# ichat not working.



## guest053111 (Mar 20, 2010)

Hey guys,
One of my ichats isnt working ok so my buddy shows up on aim but not on my ichat  I dunno whats gone wrong Ive tried to save it to 443 but not even that works  I know its my ichat and not his cause mines stupid what do I do? It started playing up on Friday. it says hes offline when hes on my other chat. I need help.
Jilly


----------



## sinclair_tm (Mar 11, 2005)

Both can't be open at the same time.


----------



## guest053111 (Mar 20, 2010)

Ah thanks for your reply I understand so if both are open it blocks me from the user?
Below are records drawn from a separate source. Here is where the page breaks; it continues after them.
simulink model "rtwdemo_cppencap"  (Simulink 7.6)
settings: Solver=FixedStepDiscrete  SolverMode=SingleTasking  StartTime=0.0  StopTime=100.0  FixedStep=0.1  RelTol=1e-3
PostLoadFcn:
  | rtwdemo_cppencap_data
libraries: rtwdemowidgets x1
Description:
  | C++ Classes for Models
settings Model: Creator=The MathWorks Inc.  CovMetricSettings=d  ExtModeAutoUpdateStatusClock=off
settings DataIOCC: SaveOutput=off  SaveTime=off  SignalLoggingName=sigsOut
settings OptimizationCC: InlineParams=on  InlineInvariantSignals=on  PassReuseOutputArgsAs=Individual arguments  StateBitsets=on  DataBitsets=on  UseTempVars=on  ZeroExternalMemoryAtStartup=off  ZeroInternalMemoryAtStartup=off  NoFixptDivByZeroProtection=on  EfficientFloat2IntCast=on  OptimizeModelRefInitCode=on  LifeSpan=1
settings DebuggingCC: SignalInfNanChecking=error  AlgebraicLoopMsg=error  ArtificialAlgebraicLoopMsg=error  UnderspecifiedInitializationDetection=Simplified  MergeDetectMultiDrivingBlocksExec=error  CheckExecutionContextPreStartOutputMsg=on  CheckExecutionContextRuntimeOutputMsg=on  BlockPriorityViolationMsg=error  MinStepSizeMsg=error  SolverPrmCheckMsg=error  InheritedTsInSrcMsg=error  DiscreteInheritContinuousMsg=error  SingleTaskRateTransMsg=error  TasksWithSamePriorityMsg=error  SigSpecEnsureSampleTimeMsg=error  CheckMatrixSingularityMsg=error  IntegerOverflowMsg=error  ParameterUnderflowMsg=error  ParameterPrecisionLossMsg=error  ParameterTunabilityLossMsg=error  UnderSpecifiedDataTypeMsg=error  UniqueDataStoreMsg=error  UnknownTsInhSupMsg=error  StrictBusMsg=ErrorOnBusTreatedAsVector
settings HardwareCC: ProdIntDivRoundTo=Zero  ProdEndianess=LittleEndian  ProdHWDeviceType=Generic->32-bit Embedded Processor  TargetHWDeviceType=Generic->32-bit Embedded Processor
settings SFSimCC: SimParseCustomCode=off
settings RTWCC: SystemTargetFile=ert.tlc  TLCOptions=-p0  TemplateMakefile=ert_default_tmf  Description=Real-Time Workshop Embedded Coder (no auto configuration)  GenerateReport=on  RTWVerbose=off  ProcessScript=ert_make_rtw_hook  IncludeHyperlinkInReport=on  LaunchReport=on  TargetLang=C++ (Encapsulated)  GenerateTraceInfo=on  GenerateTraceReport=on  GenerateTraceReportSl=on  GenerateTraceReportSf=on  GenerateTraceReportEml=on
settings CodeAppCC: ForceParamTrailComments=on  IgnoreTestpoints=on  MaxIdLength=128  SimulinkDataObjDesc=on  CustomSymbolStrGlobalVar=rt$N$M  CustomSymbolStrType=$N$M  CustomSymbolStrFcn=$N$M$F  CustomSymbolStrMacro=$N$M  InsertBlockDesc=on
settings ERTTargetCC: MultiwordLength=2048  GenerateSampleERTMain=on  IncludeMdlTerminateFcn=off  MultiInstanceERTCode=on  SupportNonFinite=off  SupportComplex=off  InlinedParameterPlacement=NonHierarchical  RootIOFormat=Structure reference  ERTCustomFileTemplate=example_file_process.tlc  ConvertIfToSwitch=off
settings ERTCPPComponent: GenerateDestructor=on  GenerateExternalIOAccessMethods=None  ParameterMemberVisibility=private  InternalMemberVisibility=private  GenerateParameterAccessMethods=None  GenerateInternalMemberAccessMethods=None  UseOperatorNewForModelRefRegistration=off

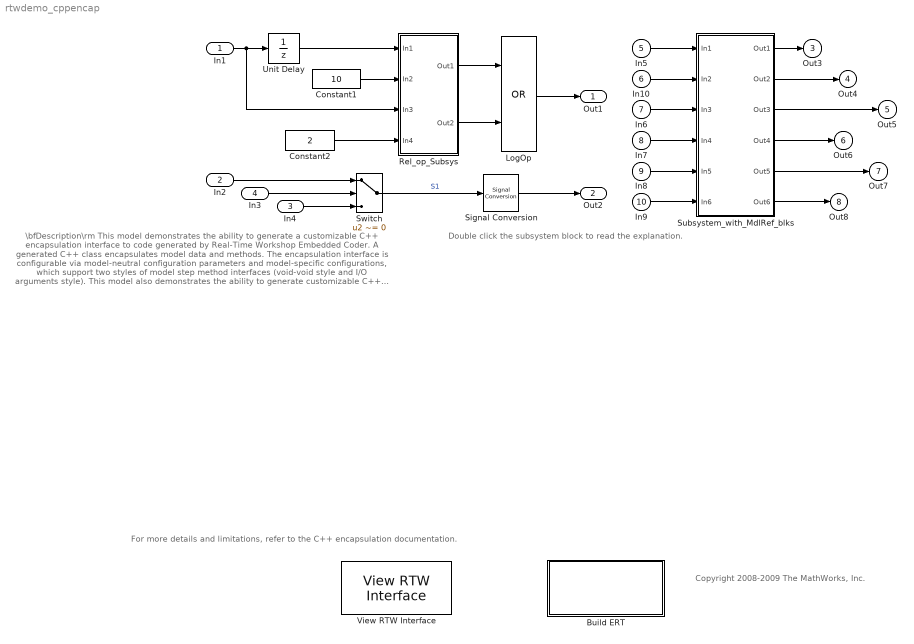
== system rtwdemo_cppencap ==
  note: \bfDescription\rm
      | This model demonstrates the ability to generate a customizable C++ encapsulation interface to code generated by
      | Real-Time Workshop Embedded Coder. A generated C++ class encapsulates model data and methods. The encapsulation
      | interface is configurable via model-neutral configuration parameters and model-specific configurations, which support two
      | styles of model step method interfaces (void-void style and I/O arguments style). This model also demonstrates the ability
      | to generate customizable C++ encapsulation interfaces for referenced models and for models to interact via those interfaces.
      | \bfInstructions\rm
      | 1. The model is preconfigured with a C++ encapsulation interface that defines root-level model input and output to be
      |     arguments on the step method, using the I/O arguments style interface. Generate code by double-clicking the blue
      |     button below.  An HTML report is displayed automatically.
      | 2. Inspect the source in the generated files using the hyperlinks embedded in the report. Also follow the hyperlinks for the
      |     code generated for the referenced models.
      | 3. To view or change the interface configuration, double-click the yellow button below. On the Code interface subpanel,
      |     select or clear the check boxes to change model-neutral settings, or click "Configure C++ Encapsulation Interface" to
      |     launch the model-specific configuration dialog box.
      |
      | To configure a new or existing model for C++ encapsulation, choose "ert.tlc" as the system target file on the Real-Time
      | Workshop page, and then set the Language to "C++ (Encapsulated)". Go to the Interface page to configure the C++
      | encapsulation interface for the model.
  note: Copyright 2008-2009 The MathWorks, Inc.
  note: For more details and limitations, refer to the C++ encapsulation documentation.
  note: Double click the subsystem block to read the explanation.
  In1 : Inport  OutDataTypeStr=double  PortDimensions=1  SampleTime=1
  In2 : Inport  Port=2  OutDataTypeStr=Bus: BusObject  BusOutputAsStruct=on
  In4 : Inport  Port=3  OutDataTypeStr=Bus: BusObject  BusOutputAsStruct=on
  In3 : Inport  Port=4  OutDataTypeStr=uint8  PortDimensions=1  SampleTime=1
  In5 : Inport  Port=5  OutDataTypeStr=double  PortDimensions=1  SampleTime=0.1
  In10 : Inport  Port=6  OutDataTypeStr=double  PortDimensions=1  SampleTime=0.1
  In6 : Inport  Port=7  OutDataTypeStr=double  PortDimensions=1  SampleTime=0.1
  In7 : Inport  Port=8  OutDataTypeStr=double  PortDimensions=1  SampleTime=0.1
  In8 : Inport  Port=9  OutDataTypeStr=double  PortDimensions=1  SampleTime=0.1
  In9 : Inport  Port=10  OutDataTypeStr=double  PortDimensions=1  SampleTime=0.1
  Build ERT : Subsystem  mask{attrib_overrides={}}
      mask prompts: attrib_overrides "List of attributes to preserve (cell of strings):"
      mask help: Enter the attributes of the configuration set that you want preserved. Otherwise, the default configuration script will override your current settings.
      settings: OpenFcn=|
      | if ~exist('rtwdemo_ert_cppencap', 'dir')
      |     disp('Creating working directory rtwdemo_ert_cppencap')
      |     mkdir('rtwdemo_ert_cppencap')
      | end
      | cd('rtwdemo_ert_cppencap');
      | 
      | overrides=get_param(gcb,'attrib_overrides');
      | refModelC='rtwdemo_cppencap_refc';
      | load_system(refModelC);
      | ori_cs_refc = getActiveConfigSet(refModelC);
      | tmp_cs_refc = ori_cs_refc.copy;
      | tmp_cs_refc.Name = 'tempcs4refc';
      | attachConfigSet(refModelC, tmp_cs_refc);
      | setActiveConfigSet(refModelC, 'tempcs4refc');
      | rtwconfiguredemo(refModelC,'noop',false,overrides);
      | 
      | setProp(tmp_cs_refc,'CustomSymbolStr','$R$N$M');
      | set_param(refModelC,'dirty','off');
      | 
      | refModelMiddle='rtwdemo_cppencap_refmid';
      | load_system(refModelMiddle);
      | ori_cs_refmid = getActiveConfigSet(refModelMiddle);
      | tmp_cs_refmid = ori_cs_refmid.copy;
      | tmp_cs_refmid.Name = 'tempcs4refmid';
      | attachConfigSet(refModelMiddle, tmp_cs_refmid);
      | setActiveConfigSet(refModelMiddle, 'tempcs4refmid');
      | rtwconfiguredemo(refModelMiddle,'noop',false,overrides);
      |  setProp(tmp_cs_refmid,'CustomSymbolStr','$R$N$M');
      | set_param(refModelMiddle,'dirty','off');
      | refModelBot='rtwdemo_cppencap_refbot';
      | load_system(refModelBot);
      | ori_cs_refbot = getActiveConfigSet(refModelBot);
      | tmp_cs_refbot = ori_cs_refbot.copy;
      | tmp_cs_refbot.Name = 'tempcs4refbot';
      | attachConfigSet(refModelBot, tmp_cs_refbot);
      | setActiveConfigSet(refModelBot, 'tempcs4refbot');
      | rtwconfiguredemo(refModelBot,'noop',false,overrides);
      | setProp(tmp_cs_refbot,'CustomSymbolStr','$R$N$M');
      | 
      | set_param(refModelBot,'dirty','off');
      | 
      | 
      | modeltop='rtwdemo_cppencap';
      | ori_cs_top=getActiveConfigSet(modeltop);
      | tmp_cs_top = ori_cs_top.copy;
      | tmp_cs_top.Name = 'tempcs4top';
      | attachConfigSet(modeltop, tmp_cs_top);
      | setActiveConfigSet(modeltop, 'tempcs4top');
      | 
      | rtwconfiguredemo(modeltop,'noop',false,overrides);
      | rtwbuilddemomodel(modeltop);
      | cd('..')
      | 
      | setActiveConfigSet(refModelC, ori_cs_refc.Name);     setActiveConfigSet(refModelMiddle, ori_cs_refmid.Name);
      | setActiveConfigSet(refModelBot, ori_cs_refbot.Name);
      | setActiveConfigSet(modeltop, ori_cs_top.Name);
      | tmp_cs_refc = detachConfigSet(refModelC, tmp_cs_refc.Name);
      | tmp_cs_refmid = detachConfigSet(refModelMiddle, tmp_cs_refmid.Name);
      | tmp_cs_refbot = detachConfigSet(refModelBot, tmp_cs_refbot.Name);
      | tmp_cs_top = detachConfigSet(modeltop, tmp_cs_top.Name);
      | 
      | set_param(modeltop,'dirty','off');
      | set_param(refModelC,'dirty','off');                               set_param(refModelMiddle,'dirty','off');
      | set_param(refModelBot,'dirty','off');
      | 
      | close_system(refModelC);
      | close_system(refModelMiddle);
      | close_system(refModelBot);
      | 
      | clear modeltop refModelC refModelMiddle refModelBot overrides ori_cs_refc ori_cs_refmid  ori_cs_refbot ori_cs_top tmp_cs_refc  tmp_cs_refmid tmp_cs_refbot tmp_cs_top;
      mask Display:
      | disp(['Generate Code Using\n',...
      | 	  'Real-Time Workshop\n',...
      | 	  'Embedded Coder\n'...
      | 	  '(double-click)'])
  Constant1 : Constant  Value=10  OutDataTypeStr=Inherit: Inherit via back propagation
  Constant2 : Constant  Value=2  OutDataTypeStr=Inherit: Inherit via back propagation
  LogOp : Logic  Operator=OR
  Rel_op_Subsys : Subsystem  TreatAsAtomicUnit=on
  Signal Conversion : SignalConversion  ConversionOutput=Virtual bus
  Subsystem_with_MdlRef_blks : Subsystem  TreatAsAtomicUnit=on
  Switch : Switch  Criteria=u2 ~= 0  ZeroCross=off
  Unit Delay : UnitDelay  X0=10  SampleTime=-1
  View RTW Interface : rtwdemowidgets/View RTW Interface  SystemSampleTime=-1
  Out1 : Outport
  Out2 : Outport  Port=2  OutDataTypeStr=Bus: BusObject
  Out3 : Outport  Port=3
  Out4 : Outport  Port=4
  Out5 : Outport  Port=5
  Out6 : Outport  Port=6
  Out7 : Outport  Port=7
  Out8 : Outport  Port=8
  wires:
  Constant2/1 -> Rel_op_Subsys/4(In4)
  In1/1 -> Rel_op_Subsys/3(In3), Unit Delay/1
  LogOp/1 -> Out1/1
  In2/1 -> Switch/1
  Switch/1 -> Signal Conversion/1  "S1"
  Signal Conversion/1 -> Out2/1
  In4/1 -> Switch/3
  In3/1 -> Switch/2
  Unit Delay/1 -> Rel_op_Subsys/1(In1)
  Constant1/1 -> Rel_op_Subsys/2(In2)
  Rel_op_Subsys/2(Out2) -> LogOp/2
  Rel_op_Subsys/1(Out1) -> LogOp/1
  Subsystem_with_MdlRef_blks/1(Out1) -> Out3/1
  In5/1 -> Subsystem_with_MdlRef_blks/1(In1)
  Subsystem_with_MdlRef_blks/2(Out2) -> Out4/1
  Subsystem_with_MdlRef_blks/3(Out3) -> Out5/1
  In6/1 -> Subsystem_with_MdlRef_blks/3(In3)
  Subsystem_with_MdlRef_blks/4(Out4) -> Out6/1
  In7/1 -> Subsystem_with_MdlRef_blks/4(In4)
  Subsystem_with_MdlRef_blks/5(Out5) -> Out7/1
  In8/1 -> Subsystem_with_MdlRef_blks/5(In5)
  Subsystem_with_MdlRef_blks/6(Out6) -> Out8/1
  In9/1 -> Subsystem_with_MdlRef_blks/6(In6)
  In10/1 -> Subsystem_with_MdlRef_blks/2(In2)

== system rtwdemo_cppencap/Build ERT ==

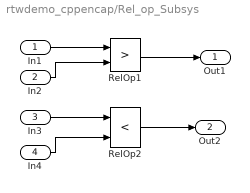
== system rtwdemo_cppencap/Rel_op_Subsys ==
  In1 : Inport
  In2 : Inport  Port=2
  In3 : Inport  Port=3
  In4 : Inport  Port=4
  RelOp1 : RelationalOperator  Operator=>  InputSameDT=on
  RelOp2 : RelationalOperator  Operator=<  InputSameDT=on
  Out1 : Outport
  Out2 : Outport  Port=2
  wires:
  In3/1 -> RelOp2/1
  In1/1 -> RelOp1/1
  RelOp1/1 -> Out1/1
  In2/1 -> RelOp1/2
  RelOp2/1 -> Out2/1
  In4/1 -> RelOp2/2

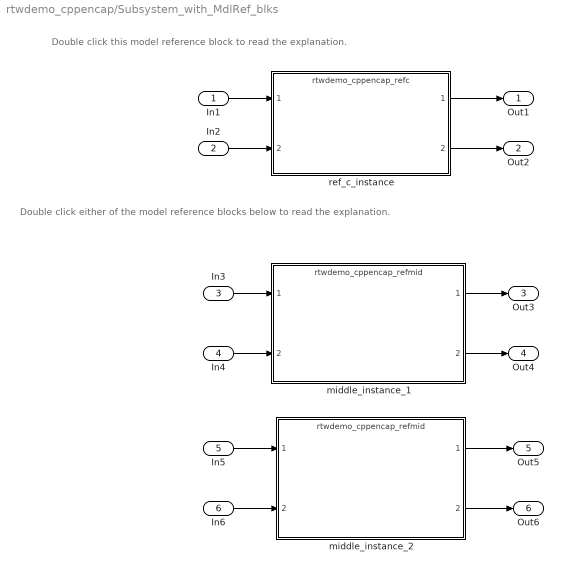
== system rtwdemo_cppencap/Subsystem_with_MdlRef_blks ==
  note: Double click this model reference block to read the explanation.
  note: Double click either of the model reference blocks below to read the
      | explanation.
  In1 : Inport  SampleTime=0.1
  In2 : Inport  Port=2
  In3 : Inport  Port=3
  In4 : Inport  Port=4
  In5 : Inport  Port=5
  In6 : Inport  Port=6
  middle_instance_1 : ModelReference  ModelNameDialog=rtwdemo_cppencap_refmid  SimulationMode=Accelerator  ModelReferenceVersion=1.323  CopyOfModelName=rtwdemo_cppencap_refmid
  middle_instance_2 : ModelReference  ModelNameDialog=rtwdemo_cppencap_refmid  SimulationMode=Accelerator  ModelReferenceVersion=1.323  CopyOfModelName=rtwdemo_cppencap_refmid
  ref_c_instance : ModelReference  ModelNameDialog=rtwdemo_cppencap_refc  SimulationMode=Accelerator  ModelReferenceVersion=1.310  CopyOfModelName=rtwdemo_cppencap_refc
  Out1 : Outport
  Out2 : Outport  Port=2
  Out3 : Outport  Port=3
  Out4 : Outport  Port=4
  Out5 : Outport  Port=5
  Out6 : Outport  Port=6
  wires:
  middle_instance_2/2 -> Out6/1
  In6/1 -> middle_instance_2/2
  middle_instance_2/1 -> Out5/1
  In5/1 -> middle_instance_2/1
  middle_instance_1/2 -> Out4/1
  In4/1 -> middle_instance_1/2
  middle_instance_1/1 -> Out3/1
  In3/1 -> middle_instance_1/1
  ref_c_instance/2 -> Out2/1
  In1/1 -> ref_c_instance/1
  ref_c_instance/1 -> Out1/1
  In2/1 -> ref_c_instance/2

I also had my port changed to 443 and Ive been trying to message but it wasnt showing him online when he was but it was on the other ichat which would of been 5190 number or something like that and that was working fine. Could that of been the reason? Why on one user name the port was different?


----------



## sinclair_tm (Mar 11, 2005)

I can't tell you how the port thing works, as I'm not a network guy, but both apps should be using the same port, as they are the same service. AIM is set up so that unless you set special settings somewhere, only one chat client can be open at a time. If you have one open, and then log into the other program, the first program gets bumped off of the service


----------



## guest053111 (Mar 20, 2010)

Alright thanks. It's working on one iChat user name he's showing up but on my other it's still greyed out not even online I tried adding him again and also it was working last week I don't know what went wrong with this name. I know he's online. Is there anything more I can do  I've also tried aims service for that name and he's still not showing up and I'm not blocked cause I asked. I don't know what else to do I'm getting very frustrated I don't know why it stopped working now. When my other name is working. But hope like crazy someone can help me! Thanks guys. But I'm happy it's working on my other iChat and both settings are the same. So I don't know why he's showing as offline on one and online on the other. I asked aim but they haven't got back to me so any help thanks! Also rebooted iChat and uninstalled chax so now iChat is normal. And I upgraded my mac book. It's the same for my adium on this name I'm not synced that shouldn't be a problem in don't think.I hope someone can help.


----------



## guest053111 (Mar 20, 2010)

Nother quick thought do I need to put them in my address book and add the buddy from there? Just wondered that! Thanks


----------



## sinclair_tm (Mar 11, 2005)

It should have nothing to do with your address book. Sometimes problems like this are with AIM's servers and not your local machine, so there really isn't to be done. Being you contacted AIM, all you can do is work with them for now.


----------